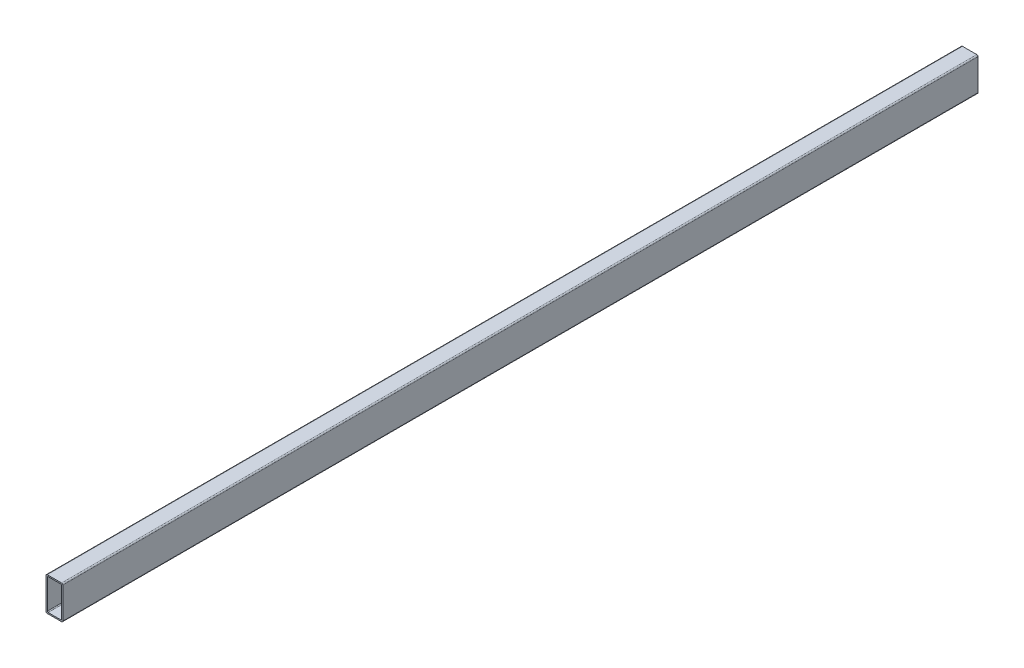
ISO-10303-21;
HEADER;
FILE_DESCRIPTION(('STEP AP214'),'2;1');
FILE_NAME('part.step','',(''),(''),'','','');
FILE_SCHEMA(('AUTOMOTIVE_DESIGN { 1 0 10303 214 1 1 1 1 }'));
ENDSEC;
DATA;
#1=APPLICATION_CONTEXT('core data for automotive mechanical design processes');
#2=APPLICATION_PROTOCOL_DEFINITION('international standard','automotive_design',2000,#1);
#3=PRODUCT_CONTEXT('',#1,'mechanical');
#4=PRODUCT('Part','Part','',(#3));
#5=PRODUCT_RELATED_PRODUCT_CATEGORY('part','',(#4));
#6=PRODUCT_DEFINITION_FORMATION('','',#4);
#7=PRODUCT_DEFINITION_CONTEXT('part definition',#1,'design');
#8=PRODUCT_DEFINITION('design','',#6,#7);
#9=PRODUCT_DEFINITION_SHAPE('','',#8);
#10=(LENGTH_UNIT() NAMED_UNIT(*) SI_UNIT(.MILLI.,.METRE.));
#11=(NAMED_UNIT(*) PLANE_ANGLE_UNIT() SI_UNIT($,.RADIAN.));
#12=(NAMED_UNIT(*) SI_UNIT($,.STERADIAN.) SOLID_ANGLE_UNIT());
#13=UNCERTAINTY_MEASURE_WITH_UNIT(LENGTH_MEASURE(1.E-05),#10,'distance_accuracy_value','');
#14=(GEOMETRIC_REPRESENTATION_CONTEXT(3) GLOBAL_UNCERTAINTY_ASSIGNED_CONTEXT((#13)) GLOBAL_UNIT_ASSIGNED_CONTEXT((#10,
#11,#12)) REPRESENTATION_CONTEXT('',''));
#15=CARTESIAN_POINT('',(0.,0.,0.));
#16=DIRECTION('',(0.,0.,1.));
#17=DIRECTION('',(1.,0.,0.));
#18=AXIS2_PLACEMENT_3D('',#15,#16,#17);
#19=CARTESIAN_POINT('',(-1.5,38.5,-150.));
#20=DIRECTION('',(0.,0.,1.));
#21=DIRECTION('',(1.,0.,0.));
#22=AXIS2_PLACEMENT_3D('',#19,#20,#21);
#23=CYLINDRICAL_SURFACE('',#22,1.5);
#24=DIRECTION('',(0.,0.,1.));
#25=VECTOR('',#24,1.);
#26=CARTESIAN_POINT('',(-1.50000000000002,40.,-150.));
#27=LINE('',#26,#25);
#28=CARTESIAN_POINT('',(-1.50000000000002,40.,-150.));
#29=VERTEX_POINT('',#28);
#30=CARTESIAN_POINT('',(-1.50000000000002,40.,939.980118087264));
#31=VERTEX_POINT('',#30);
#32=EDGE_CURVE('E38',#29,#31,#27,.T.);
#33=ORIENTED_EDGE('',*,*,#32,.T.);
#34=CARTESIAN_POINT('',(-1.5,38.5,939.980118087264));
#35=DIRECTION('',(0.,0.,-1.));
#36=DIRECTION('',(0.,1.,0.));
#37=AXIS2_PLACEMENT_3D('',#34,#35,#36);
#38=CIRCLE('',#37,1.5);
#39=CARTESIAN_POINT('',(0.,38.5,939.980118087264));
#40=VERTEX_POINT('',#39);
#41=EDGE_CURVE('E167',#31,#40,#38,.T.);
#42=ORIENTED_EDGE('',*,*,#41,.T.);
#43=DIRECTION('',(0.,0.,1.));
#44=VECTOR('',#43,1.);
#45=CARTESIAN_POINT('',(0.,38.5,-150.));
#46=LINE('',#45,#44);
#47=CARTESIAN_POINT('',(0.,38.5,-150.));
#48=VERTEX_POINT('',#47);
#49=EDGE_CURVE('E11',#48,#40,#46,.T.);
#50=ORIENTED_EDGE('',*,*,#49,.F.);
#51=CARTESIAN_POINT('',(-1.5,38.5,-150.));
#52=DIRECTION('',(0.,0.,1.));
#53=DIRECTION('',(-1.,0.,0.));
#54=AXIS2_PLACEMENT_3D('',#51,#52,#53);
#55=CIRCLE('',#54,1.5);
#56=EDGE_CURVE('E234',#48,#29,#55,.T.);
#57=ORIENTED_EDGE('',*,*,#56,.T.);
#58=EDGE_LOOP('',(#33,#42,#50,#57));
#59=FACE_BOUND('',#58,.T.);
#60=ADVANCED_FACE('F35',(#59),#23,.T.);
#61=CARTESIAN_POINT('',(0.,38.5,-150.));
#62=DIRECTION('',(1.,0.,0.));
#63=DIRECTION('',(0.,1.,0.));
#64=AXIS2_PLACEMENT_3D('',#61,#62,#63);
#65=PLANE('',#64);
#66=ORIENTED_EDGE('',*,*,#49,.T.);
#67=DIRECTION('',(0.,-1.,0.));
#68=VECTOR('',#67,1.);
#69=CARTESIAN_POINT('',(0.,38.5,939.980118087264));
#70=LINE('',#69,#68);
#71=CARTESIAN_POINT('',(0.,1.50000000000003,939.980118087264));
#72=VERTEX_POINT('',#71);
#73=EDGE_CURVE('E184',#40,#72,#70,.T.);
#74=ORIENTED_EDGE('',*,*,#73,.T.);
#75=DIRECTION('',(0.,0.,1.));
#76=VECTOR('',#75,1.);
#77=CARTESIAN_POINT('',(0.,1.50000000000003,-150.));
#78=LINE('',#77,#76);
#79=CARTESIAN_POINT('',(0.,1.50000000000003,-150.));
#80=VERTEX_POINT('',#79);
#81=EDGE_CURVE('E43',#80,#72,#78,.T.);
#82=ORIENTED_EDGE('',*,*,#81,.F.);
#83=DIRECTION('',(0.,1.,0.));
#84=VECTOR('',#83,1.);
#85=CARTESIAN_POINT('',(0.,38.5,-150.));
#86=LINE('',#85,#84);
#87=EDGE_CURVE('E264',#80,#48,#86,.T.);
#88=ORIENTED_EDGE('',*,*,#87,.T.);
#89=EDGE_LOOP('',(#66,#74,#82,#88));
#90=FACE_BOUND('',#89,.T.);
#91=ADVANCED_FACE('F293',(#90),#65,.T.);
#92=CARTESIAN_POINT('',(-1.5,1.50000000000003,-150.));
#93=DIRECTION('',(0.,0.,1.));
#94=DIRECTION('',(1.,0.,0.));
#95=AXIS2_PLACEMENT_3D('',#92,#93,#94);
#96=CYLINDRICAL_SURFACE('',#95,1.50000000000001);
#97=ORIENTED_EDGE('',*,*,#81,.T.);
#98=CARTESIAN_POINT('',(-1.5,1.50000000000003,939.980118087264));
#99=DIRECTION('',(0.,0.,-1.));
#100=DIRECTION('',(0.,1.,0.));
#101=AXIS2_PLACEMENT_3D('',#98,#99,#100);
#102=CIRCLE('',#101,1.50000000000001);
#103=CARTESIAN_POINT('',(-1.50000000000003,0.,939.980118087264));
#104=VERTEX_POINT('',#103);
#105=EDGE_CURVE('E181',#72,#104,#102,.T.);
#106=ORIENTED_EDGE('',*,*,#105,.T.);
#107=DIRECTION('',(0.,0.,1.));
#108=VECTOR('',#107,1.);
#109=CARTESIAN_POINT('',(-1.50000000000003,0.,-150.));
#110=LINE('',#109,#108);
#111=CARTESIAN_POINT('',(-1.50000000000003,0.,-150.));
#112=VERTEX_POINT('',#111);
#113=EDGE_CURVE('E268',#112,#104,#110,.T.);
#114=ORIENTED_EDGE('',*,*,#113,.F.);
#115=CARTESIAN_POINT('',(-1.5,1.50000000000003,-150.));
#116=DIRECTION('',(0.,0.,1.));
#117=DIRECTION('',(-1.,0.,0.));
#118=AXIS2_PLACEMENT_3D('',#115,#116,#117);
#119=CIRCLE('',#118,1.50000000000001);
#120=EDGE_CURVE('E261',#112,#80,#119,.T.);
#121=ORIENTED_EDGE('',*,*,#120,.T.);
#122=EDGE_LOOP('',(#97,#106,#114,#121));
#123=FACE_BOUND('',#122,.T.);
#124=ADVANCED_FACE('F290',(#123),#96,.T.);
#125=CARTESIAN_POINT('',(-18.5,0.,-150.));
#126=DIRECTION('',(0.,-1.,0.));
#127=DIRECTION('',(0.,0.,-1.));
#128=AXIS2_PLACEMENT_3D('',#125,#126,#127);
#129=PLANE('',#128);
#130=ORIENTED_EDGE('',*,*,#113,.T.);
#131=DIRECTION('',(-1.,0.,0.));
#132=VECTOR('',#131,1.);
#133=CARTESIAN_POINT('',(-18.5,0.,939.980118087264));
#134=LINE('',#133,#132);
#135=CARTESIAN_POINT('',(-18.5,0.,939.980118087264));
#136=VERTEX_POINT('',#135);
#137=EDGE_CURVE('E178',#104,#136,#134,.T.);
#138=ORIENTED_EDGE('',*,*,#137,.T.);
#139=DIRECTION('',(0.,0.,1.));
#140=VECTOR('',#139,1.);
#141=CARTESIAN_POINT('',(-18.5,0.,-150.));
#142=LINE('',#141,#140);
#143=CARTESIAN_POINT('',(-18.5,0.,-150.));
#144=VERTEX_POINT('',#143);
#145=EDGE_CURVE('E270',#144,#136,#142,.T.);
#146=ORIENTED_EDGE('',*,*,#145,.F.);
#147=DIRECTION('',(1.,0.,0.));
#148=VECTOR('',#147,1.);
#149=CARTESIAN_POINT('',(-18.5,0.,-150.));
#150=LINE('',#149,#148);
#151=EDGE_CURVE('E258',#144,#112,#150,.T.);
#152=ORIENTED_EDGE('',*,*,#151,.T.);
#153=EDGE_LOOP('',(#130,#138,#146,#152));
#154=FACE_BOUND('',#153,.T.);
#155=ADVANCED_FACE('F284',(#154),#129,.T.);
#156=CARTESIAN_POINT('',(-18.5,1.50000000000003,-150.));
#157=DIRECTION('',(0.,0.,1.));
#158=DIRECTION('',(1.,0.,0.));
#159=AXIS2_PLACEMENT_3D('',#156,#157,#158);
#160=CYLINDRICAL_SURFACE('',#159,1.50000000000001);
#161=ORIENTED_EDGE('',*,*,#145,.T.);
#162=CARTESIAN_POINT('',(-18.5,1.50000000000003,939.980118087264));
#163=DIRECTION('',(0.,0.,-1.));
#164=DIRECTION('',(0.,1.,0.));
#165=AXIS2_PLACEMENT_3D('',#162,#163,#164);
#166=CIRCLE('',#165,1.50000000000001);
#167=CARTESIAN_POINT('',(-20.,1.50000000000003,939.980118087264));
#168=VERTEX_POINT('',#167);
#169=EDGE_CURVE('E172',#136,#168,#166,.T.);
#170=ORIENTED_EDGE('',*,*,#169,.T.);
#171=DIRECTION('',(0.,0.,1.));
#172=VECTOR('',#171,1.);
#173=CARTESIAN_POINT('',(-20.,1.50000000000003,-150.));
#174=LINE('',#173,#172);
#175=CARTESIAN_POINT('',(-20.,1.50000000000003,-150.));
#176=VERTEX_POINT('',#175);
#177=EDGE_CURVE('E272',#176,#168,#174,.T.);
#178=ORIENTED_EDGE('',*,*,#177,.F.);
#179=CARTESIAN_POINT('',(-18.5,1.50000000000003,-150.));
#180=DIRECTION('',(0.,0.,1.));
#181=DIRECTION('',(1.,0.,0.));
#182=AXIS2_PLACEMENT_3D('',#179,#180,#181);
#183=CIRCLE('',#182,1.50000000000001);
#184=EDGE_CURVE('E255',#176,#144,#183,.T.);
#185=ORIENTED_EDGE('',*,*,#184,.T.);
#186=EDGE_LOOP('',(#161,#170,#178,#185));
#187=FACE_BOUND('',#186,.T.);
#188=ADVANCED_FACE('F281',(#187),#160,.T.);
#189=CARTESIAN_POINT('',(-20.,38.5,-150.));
###
**Aim of the task:**
A verbatim transcription is needed of the lines above, starting at the line with "#124=ADVANCED_FACE('F290',(#123),#96,.T.);" and ending at the line with "#168=VERTEX_POINT('',#167);", both included, and of nothing else.

**Response to this exercise:**
#124=ADVANCED_FACE('F290',(#123),#96,.T.);
#125=CARTESIAN_POINT('',(-18.5,0.,-150.));
#126=DIRECTION('',(0.,-1.,0.));
#127=DIRECTION('',(0.,0.,-1.));
#128=AXIS2_PLACEMENT_3D('',#125,#126,#127);
#129=PLANE('',#128);
#130=ORIENTED_EDGE('',*,*,#113,.T.);
#131=DIRECTION('',(-1.,0.,0.));
#132=VECTOR('',#131,1.);
#133=CARTESIAN_POINT('',(-18.5,0.,939.980118087264));
#134=LINE('',#133,#132);
#135=CARTESIAN_POINT('',(-18.5,0.,939.980118087264));
#136=VERTEX_POINT('',#135);
#137=EDGE_CURVE('E178',#104,#136,#134,.T.);
#138=ORIENTED_EDGE('',*,*,#137,.T.);
#139=DIRECTION('',(0.,0.,1.));
#140=VECTOR('',#139,1.);
#141=CARTESIAN_POINT('',(-18.5,0.,-150.));
#142=LINE('',#141,#140);
#143=CARTESIAN_POINT('',(-18.5,0.,-150.));
#144=VERTEX_POINT('',#143);
#145=EDGE_CURVE('E270',#144,#136,#142,.T.);
#146=ORIENTED_EDGE('',*,*,#145,.F.);
#147=DIRECTION('',(1.,0.,0.));
#148=VECTOR('',#147,1.);
#149=CARTESIAN_POINT('',(-18.5,0.,-150.));
#150=LINE('',#149,#148);
#151=EDGE_CURVE('E258',#144,#112,#150,.T.);
#152=ORIENTED_EDGE('',*,*,#151,.T.);
#153=EDGE_LOOP('',(#130,#138,#146,#152));
#154=FACE_BOUND('',#153,.T.);
#155=ADVANCED_FACE('F284',(#154),#129,.T.);
#156=CARTESIAN_POINT('',(-18.5,1.50000000000003,-150.));
#157=DIRECTION('',(0.,0.,1.));
#158=DIRECTION('',(1.,0.,0.));
#159=AXIS2_PLACEMENT_3D('',#156,#157,#158);
#160=CYLINDRICAL_SURFACE('',#159,1.50000000000001);
#161=ORIENTED_EDGE('',*,*,#145,.T.);
#162=CARTESIAN_POINT('',(-18.5,1.50000000000003,939.980118087264));
#163=DIRECTION('',(0.,0.,-1.));
#164=DIRECTION('',(0.,1.,0.));
#165=AXIS2_PLACEMENT_3D('',#162,#163,#164);
#166=CIRCLE('',#165,1.50000000000001);
#167=CARTESIAN_POINT('',(-20.,1.50000000000003,939.980118087264));
#168=VERTEX_POINT('',#167);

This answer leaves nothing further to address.